__PROBLEM DESCRIPTION__:
Find the line that contains "#21321 = DIRECTION"; then retype it and each line after it, exactly, through the final line of the data below.

__EXERCISE INPUTS__:
▼

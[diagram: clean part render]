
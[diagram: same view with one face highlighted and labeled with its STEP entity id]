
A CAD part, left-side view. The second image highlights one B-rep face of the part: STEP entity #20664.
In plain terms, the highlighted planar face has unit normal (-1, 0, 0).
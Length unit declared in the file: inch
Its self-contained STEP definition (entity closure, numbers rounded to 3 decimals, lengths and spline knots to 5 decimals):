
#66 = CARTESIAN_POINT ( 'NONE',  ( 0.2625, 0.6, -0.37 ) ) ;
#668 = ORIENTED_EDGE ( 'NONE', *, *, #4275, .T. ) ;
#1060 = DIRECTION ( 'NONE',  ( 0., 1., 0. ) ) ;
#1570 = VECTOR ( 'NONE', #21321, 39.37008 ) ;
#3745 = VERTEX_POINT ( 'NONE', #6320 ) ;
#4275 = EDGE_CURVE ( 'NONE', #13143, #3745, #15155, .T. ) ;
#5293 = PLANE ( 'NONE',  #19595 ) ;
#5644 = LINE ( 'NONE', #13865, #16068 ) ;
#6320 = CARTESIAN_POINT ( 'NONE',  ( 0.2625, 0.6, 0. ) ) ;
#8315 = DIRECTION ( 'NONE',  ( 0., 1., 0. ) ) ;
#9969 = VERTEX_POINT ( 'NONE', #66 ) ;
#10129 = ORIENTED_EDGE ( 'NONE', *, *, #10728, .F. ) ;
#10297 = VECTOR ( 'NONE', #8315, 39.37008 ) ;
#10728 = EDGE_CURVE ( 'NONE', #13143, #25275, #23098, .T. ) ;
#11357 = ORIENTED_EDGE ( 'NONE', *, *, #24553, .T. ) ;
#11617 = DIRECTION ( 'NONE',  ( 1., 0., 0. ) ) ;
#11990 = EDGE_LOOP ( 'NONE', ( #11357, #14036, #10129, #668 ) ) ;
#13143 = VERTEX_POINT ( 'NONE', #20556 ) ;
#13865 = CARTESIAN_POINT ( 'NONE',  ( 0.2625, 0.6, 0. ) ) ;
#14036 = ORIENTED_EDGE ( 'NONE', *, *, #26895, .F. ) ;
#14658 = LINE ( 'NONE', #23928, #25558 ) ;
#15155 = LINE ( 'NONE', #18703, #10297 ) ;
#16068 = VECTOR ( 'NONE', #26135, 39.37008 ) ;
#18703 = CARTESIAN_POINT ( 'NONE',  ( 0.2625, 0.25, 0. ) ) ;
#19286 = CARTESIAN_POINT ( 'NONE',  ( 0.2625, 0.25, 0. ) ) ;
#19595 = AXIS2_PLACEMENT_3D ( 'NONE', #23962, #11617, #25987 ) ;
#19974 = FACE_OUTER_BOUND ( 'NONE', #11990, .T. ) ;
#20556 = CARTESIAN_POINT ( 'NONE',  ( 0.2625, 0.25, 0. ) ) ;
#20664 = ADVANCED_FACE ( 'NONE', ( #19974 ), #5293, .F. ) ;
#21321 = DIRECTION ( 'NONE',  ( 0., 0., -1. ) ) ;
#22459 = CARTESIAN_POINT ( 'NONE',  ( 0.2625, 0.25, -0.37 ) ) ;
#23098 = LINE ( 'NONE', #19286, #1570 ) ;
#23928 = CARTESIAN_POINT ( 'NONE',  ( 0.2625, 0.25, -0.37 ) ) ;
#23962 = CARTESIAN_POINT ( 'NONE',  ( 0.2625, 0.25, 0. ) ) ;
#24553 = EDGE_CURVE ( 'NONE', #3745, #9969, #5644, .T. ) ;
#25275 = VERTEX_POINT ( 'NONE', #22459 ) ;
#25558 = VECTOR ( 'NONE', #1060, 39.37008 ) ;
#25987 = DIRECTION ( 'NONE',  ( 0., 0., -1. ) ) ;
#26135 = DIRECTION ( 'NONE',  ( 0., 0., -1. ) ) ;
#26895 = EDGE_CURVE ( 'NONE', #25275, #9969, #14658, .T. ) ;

▲

__OUTPUT__:
#21321 = DIRECTION ( 'NONE',  ( 0., 0., -1. ) ) ;
#22459 = CARTESIAN_POINT ( 'NONE',  ( 0.2625, 0.25, -0.37 ) ) ;
#23098 = LINE ( 'NONE', #19286, #1570 ) ;
#23928 = CARTESIAN_POINT ( 'NONE',  ( 0.2625, 0.25, -0.37 ) ) ;
#23962 = CARTESIAN_POINT ( 'NONE',  ( 0.2625, 0.25, 0. ) ) ;
#24553 = EDGE_CURVE ( 'NONE', #3745, #9969, #5644, .T. ) ;
#25275 = VERTEX_POINT ( 'NONE', #22459 ) ;
#25558 = VECTOR ( 'NONE', #1060, 39.37008 ) ;
#25987 = DIRECTION ( 'NONE',  ( 0., 0., -1. ) ) ;
#26135 = DIRECTION ( 'NONE',  ( 0., 0., -1. ) ) ;
#26895 = EDGE_CURVE ( 'NONE', #25275, #9969, #14658, .T. ) ;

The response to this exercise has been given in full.